Combined stent insertion and single high-dose brachytherapy in patients with advanced esophageal cancer – results of a prospective safety study

Authors


Dr Henrik Bergquist, MD, PhD, Department of ENT/H&N Surgery, Sahlgrenska University Hospital, SE-41345 Gothenburg, Sweden. Email: henrik.bergquist@vgregion.se

SUMMARY

Previous randomized studies comparing the two commonly used palliative treatments for incurable esophageal cancer, i.e. stent insertion and intraluminal brachytherapy, have revealed the pros and cons of each therapy.

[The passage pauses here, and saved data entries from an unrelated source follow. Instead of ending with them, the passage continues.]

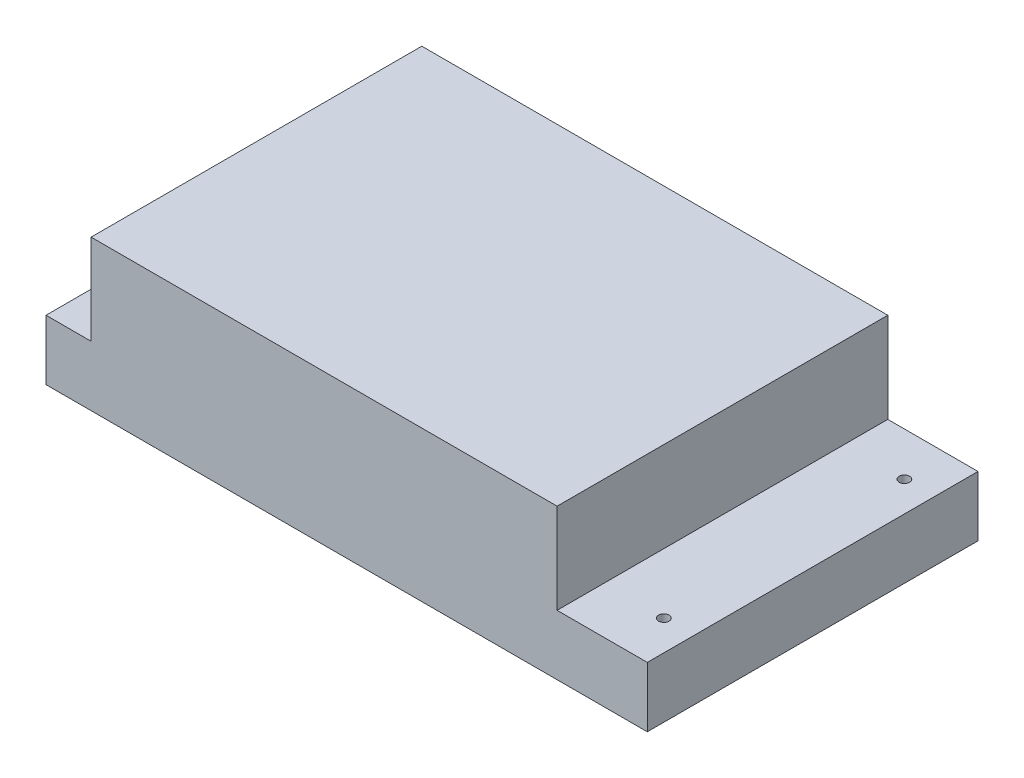
ISO-10303-21;
HEADER;
FILE_DESCRIPTION(('STEP AP214'),'2;1');
FILE_NAME('part.step','',(''),(''),'','','');
FILE_SCHEMA(('AUTOMOTIVE_DESIGN { 1 0 10303 214 1 1 1 1 }'));
ENDSEC;
DATA;
#1=APPLICATION_CONTEXT('core data for automotive mechanical design processes');
#2=APPLICATION_PROTOCOL_DEFINITION('international standard','automotive_design',2000,#1);
#3=PRODUCT_CONTEXT('',#1,'mechanical');
#4=PRODUCT('Part','Part','',(#3));
#5=PRODUCT_RELATED_PRODUCT_CATEGORY('part','',(#4));
#6=PRODUCT_DEFINITION_FORMATION('','',#4);
#7=PRODUCT_DEFINITION_CONTEXT('part definition',#1,'design');
#8=PRODUCT_DEFINITION('design','',#6,#7);
#9=PRODUCT_DEFINITION_SHAPE('','',#8);
#10=(LENGTH_UNIT() NAMED_UNIT(*) SI_UNIT(.MILLI.,.METRE.));
#11=(NAMED_UNIT(*) PLANE_ANGLE_UNIT() SI_UNIT($,.RADIAN.));
#12=(NAMED_UNIT(*) SI_UNIT($,.STERADIAN.) SOLID_ANGLE_UNIT());
#13=UNCERTAINTY_MEASURE_WITH_UNIT(LENGTH_MEASURE(1.E-05),#10,'distance_accuracy_value','');
#14=(GEOMETRIC_REPRESENTATION_CONTEXT(3) GLOBAL_UNCERTAINTY_ASSIGNED_CONTEXT((#13)) GLOBAL_UNIT_ASSIGNED_CONTEXT((#10,
#11,#12)) REPRESENTATION_CONTEXT('',''));
#15=CARTESIAN_POINT('',(0.,0.,0.));
#16=DIRECTION('',(0.,0.,1.));
#17=DIRECTION('',(1.,0.,0.));
#18=AXIS2_PLACEMENT_3D('',#15,#16,#17);
#19=CARTESIAN_POINT('',(0.,50.,0.));
#20=DIRECTION('',(1.,0.,0.));
#21=DIRECTION('',(0.,0.,-1.));
#22=AXIS2_PLACEMENT_3D('',#19,#20,#21);
#23=PLANE('',#22);
#24=DIRECTION('',(0.,0.,1.));
#25=VECTOR('',#24,1.);
#26=CARTESIAN_POINT('',(0.,20.,-110.));
#27=LINE('',#26,#25);
#28=CARTESIAN_POINT('',(0.,20.,-110.));
#29=VERTEX_POINT('',#28);
#30=CARTESIAN_POINT('',(0.,20.,0.));
#31=VERTEX_POINT('',#30);
#32=EDGE_CURVE('E152',#29,#31,#27,.T.);
#33=ORIENTED_EDGE('',*,*,#32,.F.);
#34=DIRECTION('',(0.,-1.,0.));
#35=VECTOR('',#34,1.);
#36=CARTESIAN_POINT('',(0.,50.,-110.));
#37=LINE('',#36,#35);
#38=CARTESIAN_POINT('',(0.,0.,-110.));
#39=VERTEX_POINT('',#38);
#40=EDGE_CURVE('E125',#29,#39,#37,.T.);
#41=ORIENTED_EDGE('',*,*,#40,.T.);
#42=DIRECTION('',(0.,0.,1.));
#43=VECTOR('',#42,1.);
#44=CARTESIAN_POINT('',(0.,0.,0.));
#45=LINE('',#44,#43);
#46=CARTESIAN_POINT('',(0.,0.,0.));
#47=VERTEX_POINT('',#46);
#48=EDGE_CURVE('E137',#39,#47,#45,.T.);
#49=ORIENTED_EDGE('',*,*,#48,.T.);
#50=DIRECTION('',(0.,-1.,0.));
#51=VECTOR('',#50,1.);
#52=CARTESIAN_POINT('',(0.,50.,0.));
#53=LINE('',#52,#51);
#54=EDGE_CURVE('E11',#31,#47,#53,.T.);
#55=ORIENTED_EDGE('',*,*,#54,.F.);
#56=EDGE_LOOP('',(#33,#41,#49,#55));
#57=FACE_BOUND('',#56,.T.);
#58=ADVANCED_FACE('F38',(#57),#23,.F.);
#59=CARTESIAN_POINT('',(0.,50.,0.));
#60=DIRECTION('',(0.,0.,-1.));
#61=DIRECTION('',(-1.,0.,0.));
#62=AXIS2_PLACEMENT_3D('',#59,#60,#61);
#63=PLANE('',#62);
#64=DIRECTION('',(1.,0.,0.));
#65=VECTOR('',#64,1.);
#66=CARTESIAN_POINT('',(200.,20.,0.));
#67=LINE('',#66,#65);
#68=CARTESIAN_POINT('',(170.,20.,0.));
#69=VERTEX_POINT('',#68);
#70=CARTESIAN_POINT('',(200.,20.,0.));
#71=VERTEX_POINT('',#70);
#72=EDGE_CURVE('E107',#69,#71,#67,.T.);
#73=ORIENTED_EDGE('',*,*,#72,.F.);
#74=DIRECTION('',(0.,1.,0.));
#75=VECTOR('',#74,1.);
#76=CARTESIAN_POINT('',(170.,20.,0.));
#77=LINE('',#76,#75);
#78=CARTESIAN_POINT('',(170.,50.,0.));
#79=VERTEX_POINT('',#78);
#80=EDGE_CURVE('E140',#69,#79,#77,.T.);
#81=ORIENTED_EDGE('',*,*,#80,.T.);
#82=DIRECTION('',(1.,0.,0.));
#83=VECTOR('',#82,1.);
#84=CARTESIAN_POINT('',(0.,50.,0.));
#85=LINE('',#84,#83);
#86=CARTESIAN_POINT('',(15.,50.,0.));
#87=VERTEX_POINT('',#86);
#88=EDGE_CURVE('E132',#87,#79,#85,.T.);
#89=ORIENTED_EDGE('',*,*,#88,.F.);
#90=DIRECTION('',(0.,1.,0.));
#91=VECTOR('',#90,1.);
#92=CARTESIAN_POINT('',(15.,20.,0.));
#93=LINE('',#92,#91);
#94=CARTESIAN_POINT('',(15.,20.,0.));
#95=VERTEX_POINT('',#94);
#96=EDGE_CURVE('E60',#95,#87,#93,.T.);
#97=ORIENTED_EDGE('',*,*,#96,.F.);
#98=DIRECTION('',(1.,0.,0.));
#99=VECTOR('',#98,1.);
#100=CARTESIAN_POINT('',(0.,20.,0.));
#101=LINE('',#100,#99);
#102=EDGE_CURVE('E158',#31,#95,#101,.T.);
#103=ORIENTED_EDGE('',*,*,#102,.F.);
#104=ORIENTED_EDGE('',*,*,#54,.T.);
#105=DIRECTION('',(1.,0.,0.));
#106=VECTOR('',#105,1.);
#107=CARTESIAN_POINT('',(0.,0.,0.));
#108=LINE('',#107,#106);
#109=CARTESIAN_POINT('',(200.,0.,0.));
#110=VERTEX_POINT('',#109);
#111=EDGE_CURVE('E134',#47,#110,#108,.T.);
#112=ORIENTED_EDGE('',*,*,#111,.T.);
#113=DIRECTION('',(0.,-1.,0.));
#114=VECTOR('',#113,1.);
#115=CARTESIAN_POINT('',(200.,50.,0.));
#116=LINE('',#115,#114);
#117=EDGE_CURVE('E45',#71,#110,#116,.T.);
#118=ORIENTED_EDGE('',*,*,#117,.F.);
#119=EDGE_LOOP('',(#73,#81,#89,#97,#103,#104,#112,#118));
#120=FACE_BOUND('',#119,.T.);
#121=ADVANCED_FACE('F208',(#120),#63,.F.);
#122=CARTESIAN_POINT('',(200.,50.,0.));
#123=DIRECTION('',(-1.,0.,0.));
#124=DIRECTION('',(0.,0.,1.));
#125=AXIS2_PLACEMENT_3D('',#122,#123,#124);
#126=PLANE('',#125);
#127=DIRECTION('',(0.,-1.,0.));
#128=VECTOR('',#127,1.);
#129=CARTESIAN_POINT('',(200.,50.,-110.));
#130=LINE('',#129,#128);
#131=CARTESIAN_POINT('',(200.,20.,-110.));
#132=VERTEX_POINT('',#131);
#133=CARTESIAN_POINT('',(200.,0.,-110.));
#134=VERTEX_POINT('',#133);
#135=EDGE_CURVE('E117',#132,#134,#130,.T.);
#136=ORIENTED_EDGE('',*,*,#135,.F.);
#137=DIRECTION('',(0.,0.,-1.));
#138=VECTOR('',#137,1.);
#139=CARTESIAN_POINT('',(200.,20.,-110.));
#140=LINE('',#139,#138);
#141=EDGE_CURVE('E101',#71,#132,#140,.T.);
#142=ORIENTED_EDGE('',*,*,#141,.F.);
#143=ORIENTED_EDGE('',*,*,#117,.T.);
#144=DIRECTION('',(0.,0.,-1.));
#145=VECTOR('',#144,1.);
#146=CARTESIAN_POINT('',(200.,0.,0.));
#147=LINE('',#146,#145);
#148=EDGE_CURVE('E123',#110,#134,#147,.T.);
#149=ORIENTED_EDGE('',*,*,#148,.T.);
#150=EDGE_LOOP('',(#136,#142,#143,#149));
#151=FACE_BOUND('',#150,.T.);
#152=ADVANCED_FACE('F121',(#151),#126,.F.);
#153=CARTESIAN_POINT('',(0.,50.,-110.));
#154=DIRECTION('',(0.,0.,1.));
#155=DIRECTION('',(1.,0.,0.));
#156=AXIS2_PLACEMENT_3D('',#153,#154,#155);
#157=PLANE('',#156);
#158=DIRECTION('',(-1.,0.,0.));
#159=VECTOR('',#158,1.);
#160=CARTESIAN_POINT('',(0.,50.,-110.));
#161=LINE('',#160,#159);
#162=CARTESIAN_POINT('',(170.,50.,-110.));
#163=VERTEX_POINT('',#162);
#164=CARTESIAN_POINT('',(15.,50.,-110.));
#165=VERTEX_POINT('',#164);
#166=EDGE_CURVE('E127',#163,#165,#161,.T.);
#167=ORIENTED_EDGE('',*,*,#166,.F.);
#168=DIRECTION('',(0.,1.,0.));
#169=VECTOR('',#168,1.);
#170=CARTESIAN_POINT('',(170.,20.,-110.));
#171=LINE('',#170,#169);
#172=CARTESIAN_POINT('',(170.,20.,-110.));
#173=VERTEX_POINT('',#172);
#174=EDGE_CURVE('E52',#173,#163,#171,.T.);
#175=ORIENTED_EDGE('',*,*,#174,.F.);
#176=DIRECTION('',(-1.,0.,0.));
#177=VECTOR('',#176,1.);
#178=CARTESIAN_POINT('',(200.,20.,-110.));
#179=LINE('',#178,#177);
#180=EDGE_CURVE('E105',#132,#173,#179,.T.);
#181=ORIENTED_EDGE('',*,*,#180,.F.);
#182=ORIENTED_EDGE('',*,*,#135,.T.);
#183=DIRECTION('',(-1.,0.,0.));
#184=VECTOR('',#183,1.);
#185=CARTESIAN_POINT('',(0.,0.,-110.));
#186=LINE('',#185,#184);
#187=EDGE_CURVE('E130',#134,#39,#186,.T.);
#188=ORIENTED_EDGE('',*,*,#187,.T.);
#189=ORIENTED_EDGE('',*,*,#40,.F.);
#190=DIRECTION('',(-1.,0.,0.));
#191=VECTOR('',#190,1.);
#192=CARTESIAN_POINT('',(0.,20.,-110.));
#193=LINE('',#192,#191);
#194=CARTESIAN_POINT('',(15.,20.,-110.));
#195=VERTEX_POINT('',#194);
#196=EDGE_CURVE('E147',#195,#29,#193,.T.);
#197=ORIENTED_EDGE('',*,*,#196,.F.);
#198=DIRECTION('',(0.,1.,0.));
#199=VECTOR('',#198,1.);
#200=CARTESIAN_POINT('',(15.,20.,-110.));
#201=LINE('',#200,#199);
#202=EDGE_CURVE('E146',#195,#165,#201,.T.);
#203=ORIENTED_EDGE('',*,*,#202,.T.);
#204=EDGE_LOOP('',(#167,#175,#181,#182,#188,#189,#197,#203));
#205=FACE_BOUND('',#204,.T.);
#206=ADVANCED_FACE('F115',(#205),#157,.F.);
#207=CARTESIAN_POINT('',(0.,50.,0.));
#208=DIRECTION('',(0.,-1.,0.));
#209=DIRECTION('',(0.,0.,-1.));
#210=AXIS2_PLACEMENT_3D('',#207,#208,#209);
#211=PLANE('',#210);
#212=ORIENTED_EDGE('',*,*,#88,.T.);
#213=DIRECTION('',(0.,0.,1.));
#214=VECTOR('',#213,1.);
#215=CARTESIAN_POINT('',(170.,50.,-110.));
#216=LINE('',#215,#214);
#217=EDGE_CURVE('E111',#163,#79,#216,.T.);
#218=ORIENTED_EDGE('',*,*,#217,.F.);
#219=ORIENTED_EDGE('',*,*,#166,.T.);
#220=DIRECTION('',(0.,0.,-1.));
#221=VECTOR('',#220,1.);
#222=CARTESIAN_POINT('',(15.,50.,-110.));
#223=LINE('',#222,#221);
#224=EDGE_CURVE('E150',#87,#165,#223,.T.);
#225=ORIENTED_EDGE('',*,*,#224,.F.);
#226=EDGE_LOOP('',(#212,#218,#219,#225));
#227=FACE_BOUND('',#226,.T.);
#228=ADVANCED_FACE('F215',(#227),#211,.F.);
#229=CARTESIAN_POINT('',(0.,0.,0.));
#230=DIRECTION('',(0.,-1.,0.));
#231=DIRECTION('',(0.,0.,-1.));
#232=AXIS2_PLACEMENT_3D('',#229,#230,#231);
#233=PLANE('',#232);
#234=CARTESIAN_POINT('',(190.,0.,-15.5));
#235=DIRECTION('',(0.,-1.,0.));
#236=DIRECTION('',(0.,0.,-1.));
#237=AXIS2_PLACEMENT_3D('',#234,#235,#236);
#238=CIRCLE('',#237,1.75000000000001);
#239=CARTESIAN_POINT('',(190.,0.,-17.25));
#240=VERTEX_POINT('',#239);
#241=EDGE_CURVE('E173',#240,#240,#238,.T.);
#242=ORIENTED_EDGE('',*,*,#241,.F.);
#243=EDGE_LOOP('',(#242));
#244=FACE_BOUND('',#243,.T.);
#245=CARTESIAN_POINT('',(10.,0.,-95.5));
#246=DIRECTION('',(0.,-1.,0.));
#247=DIRECTION('',(0.,0.,-1.));
#248=AXIS2_PLACEMENT_3D('',#245,#246,#247);
#249=CIRCLE('',#248,1.75000000000001);
#250=CARTESIAN_POINT('',(10.,0.,-97.25));
#251=VERTEX_POINT('',#250);
#252=EDGE_CURVE('E153',#251,#251,#249,.T.);
#253=ORIENTED_EDGE('',*,*,#252,.F.);
#254=EDGE_LOOP('',(#253));
#255=FACE_BOUND('',#254,.T.);
#256=CARTESIAN_POINT('',(10.,0.,-15.5));
#257=DIRECTION('',(0.,-1.,0.));
#258=DIRECTION('',(0.,0.,-1.));
#259=AXIS2_PLACEMENT_3D('',#256,#257,#258);
#260=CIRCLE('',#259,1.75000000000001);
#261=CARTESIAN_POINT('',(10.,0.,-17.25));
#262=VERTEX_POINT('',#261);
#263=EDGE_CURVE('E170',#262,#262,#260,.T.);
#264=ORIENTED_EDGE('',*,*,#263,.F.);
#265=EDGE_LOOP('',(#264));
#266=FACE_BOUND('',#265,.T.);
#267=CARTESIAN_POINT('',(190.,0.,-95.5));
#268=DIRECTION('',(0.,-1.,0.));
#269=DIRECTION('',(0.,0.,-1.));
#270=AXIS2_PLACEMENT_3D('',#267,#268,#269);
#271=CIRCLE('',#270,1.75000000000001);
#272=CARTESIAN_POINT('',(190.,0.,-97.25));
#273=VERTEX_POINT('',#272);
#274=EDGE_CURVE('E176',#273,#273,#271,.T.);
#275=ORIENTED_EDGE('',*,*,#274,.F.);
#276=EDGE_LOOP('',(#275));
#277=FACE_BOUND('',#276,.T.);
#278=ORIENTED_EDGE('',*,*,#48,.F.);
#279=ORIENTED_EDGE('',*,*,#187,.F.);
#280=ORIENTED_EDGE('',*,*,#148,.F.);
#281=ORIENTED_EDGE('',*,*,#111,.F.);
#282=EDGE_LOOP('',(#278,#279,#280,#281));
#283=FACE_BOUND('',#282,.T.);
#284=ADVANCED_FACE('F213',(#244,#255,#266,#277,#283),#233,.T.);
#285=CARTESIAN_POINT('',(15.,20.,-110.));
#286=DIRECTION('',(1.,0.,0.));
#287=DIRECTION('',(0.,0.,-1.));
#288=AXIS2_PLACEMENT_3D('',#285,#286,#287);
#289=PLANE('',#288);
#290=ORIENTED_EDGE('',*,*,#224,.T.);
#291=ORIENTED_EDGE('',*,*,#202,.F.);
#292=DIRECTION('',(0.,0.,-1.));
#293=VECTOR('',#292,1.);
#294=CARTESIAN_POINT('',(15.,20.,-110.));
#295=LINE('',#294,#293);
#296=EDGE_CURVE('E155',#95,#195,#295,.T.);
#297=ORIENTED_EDGE('',*,*,#296,.F.);
#298=ORIENTED_EDGE('',*,*,#96,.T.);
#299=EDGE_LOOP('',(#290,#291,#297,#298));
#300=FACE_BOUND('',#299,.T.);
#301=ADVANCED_FACE('F198',(#300),#289,.F.);
#302=CARTESIAN_POINT('',(0.,20.,0.));
#303=DIRECTION('',(0.,1.,0.));
#304=DIRECTION('',(0.,0.,1.));
#305=AXIS2_PLACEMENT_3D('',#302,#303,#304);
#306=PLANE('',#305);
#307=CARTESIAN_POINT('',(10.,20.,-95.5));
#308=DIRECTION('',(0.,1.,0.));
#309=DIRECTION('',(0.,0.,1.));
#310=AXIS2_PLACEMENT_3D('',#307,#308,#309);
#311=CIRCLE('',#310,1.75000000000001);
#312=CARTESIAN_POINT('',(10.,20.,-93.75));
#313=VERTEX_POINT('',#312);
#314=EDGE_CURVE('E183',#313,#313,#311,.T.);
#315=ORIENTED_EDGE('',*,*,#314,.F.);
#316=EDGE_LOOP('',(#315));
#317=FACE_BOUND('',#316,.T.);
#318=CARTESIAN_POINT('',(10.,20.,-15.5));
#319=DIRECTION('',(0.,1.,0.));
#320=DIRECTION('',(0.,0.,1.));
#321=AXIS2_PLACEMENT_3D('',#318,#319,#320);
#322=CIRCLE('',#321,1.75000000000001);
#323=CARTESIAN_POINT('',(10.,20.,-13.75));
#324=VERTEX_POINT('',#323);
#325=EDGE_CURVE('E186',#324,#324,#322,.T.);
#326=ORIENTED_EDGE('',*,*,#325,.F.);
#327=EDGE_LOOP('',(#326));
#328=FACE_BOUND('',#327,.T.);
#329=ORIENTED_EDGE('',*,*,#32,.T.);
#330=ORIENTED_EDGE('',*,*,#102,.T.);
#331=ORIENTED_EDGE('',*,*,#296,.T.);
#332=ORIENTED_EDGE('',*,*,#196,.T.);
#333=EDGE_LOOP('',(#329,#330,#331,#332));
#334=FACE_BOUND('',#333,.T.);
#335=ADVANCED_FACE('F194',(#317,#328,#334),#306,.T.);
#336=CARTESIAN_POINT('',(170.,20.,-110.));
#337=DIRECTION('',(-1.,0.,0.));
#338=DIRECTION('',(0.,0.,1.));
#339=AXIS2_PLACEMENT_3D('',#336,#337,#338);
#340=PLANE('',#339);
#341=ORIENTED_EDGE('',*,*,#217,.T.);
#342=ORIENTED_EDGE('',*,*,#80,.F.);
#343=DIRECTION('',(0.,0.,1.));
#344=VECTOR('',#343,1.);
#345=CARTESIAN_POINT('',(170.,20.,-110.));
#346=LINE('',#345,#344);
#347=EDGE_CURVE('E119',#173,#69,#346,.T.);
#348=ORIENTED_EDGE('',*,*,#347,.F.);
#349=ORIENTED_EDGE('',*,*,#174,.T.);
#350=EDGE_LOOP('',(#341,#342,#348,#349));
#351=FACE_BOUND('',#350,.T.);
#352=ADVANCED_FACE('F197',(#351),#340,.F.);
#353=CARTESIAN_POINT('',(0.,20.,0.));
#354=DIRECTION('',(0.,-1.,0.));
#355=DIRECTION('',(0.,0.,-1.));
#356=AXIS2_PLACEMENT_3D('',#353,#354,#355);
#357=PLANE('',#356);
#358=CARTESIAN_POINT('',(190.,20.,-15.5));
#359=DIRECTION('',(0.,1.,0.));
#360=DIRECTION('',(0.,0.,1.));
#361=AXIS2_PLACEMENT_3D('',#358,#359,#360);
#362=CIRCLE('',#361,1.75000000000001);
#363=CARTESIAN_POINT('',(190.,20.,-13.75));
#364=VERTEX_POINT('',#363);
#365=EDGE_CURVE('E182',#364,#364,#362,.T.);
#366=ORIENTED_EDGE('',*,*,#365,.F.);
#367=EDGE_LOOP('',(#366));
#368=FACE_BOUND('',#367,.T.);
#369=CARTESIAN_POINT('',(190.,20.,-95.5));
#370=DIRECTION('',(0.,1.,0.));
#371=DIRECTION('',(0.,0.,1.));
#372=AXIS2_PLACEMENT_3D('',#369,#370,#371);
#373=CIRCLE('',#372,1.75000000000001);
#374=CARTESIAN_POINT('',(190.,20.,-93.75));
#375=VERTEX_POINT('',#374);
#376=EDGE_CURVE('E179',#375,#375,#373,.T.);
#377=ORIENTED_EDGE('',*,*,#376,.F.);
#378=EDGE_LOOP('',(#377));
#379=FACE_BOUND('',#378,.T.);
#380=ORIENTED_EDGE('',*,*,#141,.T.);
#381=ORIENTED_EDGE('',*,*,#180,.T.);
#382=ORIENTED_EDGE('',*,*,#347,.T.);
#383=ORIENTED_EDGE('',*,*,#72,.T.);
#384=EDGE_LOOP('',(#380,#381,#382,#383));
#385=FACE_BOUND('',#384,.T.);
#386=ADVANCED_FACE('F103',(#368,#379,#385),#357,.F.);
#387=CARTESIAN_POINT('',(190.,-9.99999999999999,-95.5));
#388=DIRECTION('',(0.,1.,0.));
#389=DIRECTION('',(0.,0.,1.));
#390=AXIS2_PLACEMENT_3D('',#387,#388,#389);
#391=CYLINDRICAL_SURFACE('',#390,1.75000000000001);
#392=ORIENTED_EDGE('',*,*,#274,.T.);
#393=EDGE_LOOP('',(#392));
#394=FACE_BOUND('',#393,.T.);
#395=ORIENTED_EDGE('',*,*,#376,.T.);
#396=EDGE_LOOP('',(#395));
#397=FACE_BOUND('',#396,.T.);
#398=ADVANCED_FACE('F264',(#394,#397),#391,.F.);
#399=CARTESIAN_POINT('',(190.,-9.99999999999999,-15.5));
#400=DIRECTION('',(0.,1.,0.));
#401=DIRECTION('',(0.,0.,1.));
#402=AXIS2_PLACEMENT_3D('',#399,#400,#401);
#403=CYLINDRICAL_SURFACE('',#402,1.75000000000001);
#404=ORIENTED_EDGE('',*,*,#241,.T.);
#405=EDGE_LOOP('',(#404));
#406=FACE_BOUND('',#405,.T.);
#407=ORIENTED_EDGE('',*,*,#365,.T.);
#408=EDGE_LOOP('',(#407));
#409=FACE_BOUND('',#408,.T.);
#410=ADVANCED_FACE('F274',(#406,#409),#403,.F.);
#411=CARTESIAN_POINT('',(10.,-9.99999999999999,-15.5));
#412=DIRECTION('',(0.,1.,0.));
#413=DIRECTION('',(0.,0.,1.));
#414=AXIS2_PLACEMENT_3D('',#411,#412,#413);
#415=CYLINDRICAL_SURFACE('',#414,1.75000000000001);
#416=ORIENTED_EDGE('',*,*,#263,.T.);
#417=EDGE_LOOP('',(#416));
#418=FACE_BOUND('',#417,.T.);
#419=ORIENTED_EDGE('',*,*,#325,.T.);
#420=EDGE_LOOP('',(#419));
#421=FACE_BOUND('',#420,.T.);
#422=ADVANCED_FACE('F192',(#418,#421),#415,.F.);
#423=CARTESIAN_POINT('',(10.,-9.99999999999999,-95.5));
#424=DIRECTION('',(0.,1.,0.));
#425=DIRECTION('',(0.,0.,1.));
#426=AXIS2_PLACEMENT_3D('',#423,#424,#425);
#427=CYLINDRICAL_SURFACE('',#426,1.75000000000001);
#428=ORIENTED_EDGE('',*,*,#252,.T.);
#429=EDGE_LOOP('',(#428));
#430=FACE_BOUND('',#429,.T.);
#431=ORIENTED_EDGE('',*,*,#314,.T.);
#432=EDGE_LOOP('',(#431));
#433=FACE_BOUND('',#432,.T.);
#434=ADVANCED_FACE('F293',(#430,#433),#427,.F.);
#435=CLOSED_SHELL('',(#58,#121,#152,#206,#228,#284,#301,#335,#352,#386,#398,#410,#422,#434));
#436=MANIFOLD_SOLID_BREP('B2',#435);
#437=ADVANCED_BREP_SHAPE_REPRESENTATION('',(#18,#436),#14);
#438=SHAPE_DEFINITION_REPRESENTATION(#9,#437);
ENDSEC;
END-ISO-10303-21;

While stent treatment offers a more prompt effect, brachytherapy results in more long-lasting relief of dysphagia and a better health-related quality of life (HRQL) in those living longer. This prospective pilot study aimed to explore the feasibility and safety of combining these two regimes and incorporating a single high dose of internal radiation. Patients with newly diagnosed, incurable cancer of the esophagus and dysphagia were eligible for inclusion, and stent insertion followed by a single dose (12 Gy) of brachytherapy was performed as a two-stage procedure. Clinical parameters including HRQL and adverse events were registered at inclusion, and 1, 2, 3, 6, and 12 months later. Twelve patients (nine males) with a median age of 73 years (range 54–85) were included. Stent insertion followed by a single dose of brachytherapy was successfully performed in all but one patient who was treated with stent only. Relief of dysphagia was achieved in the majority of cases (10/11, P < 0.05), but HRQL did not improve except for dysphagia-related items. Only minor adverse events, including chest pain, reflux, and restenosis, were reported. The median survival time after inclusion was 6.6 months. Our conclusion is that the combination of stent insertion and single high-dose brachytherapy seems to be a feasible and safe palliative regime in patients with advanced esophageal cancer. Randomized trials comparing the efficacy of this strategy to stent insertion or brachytherapy alone are warranted.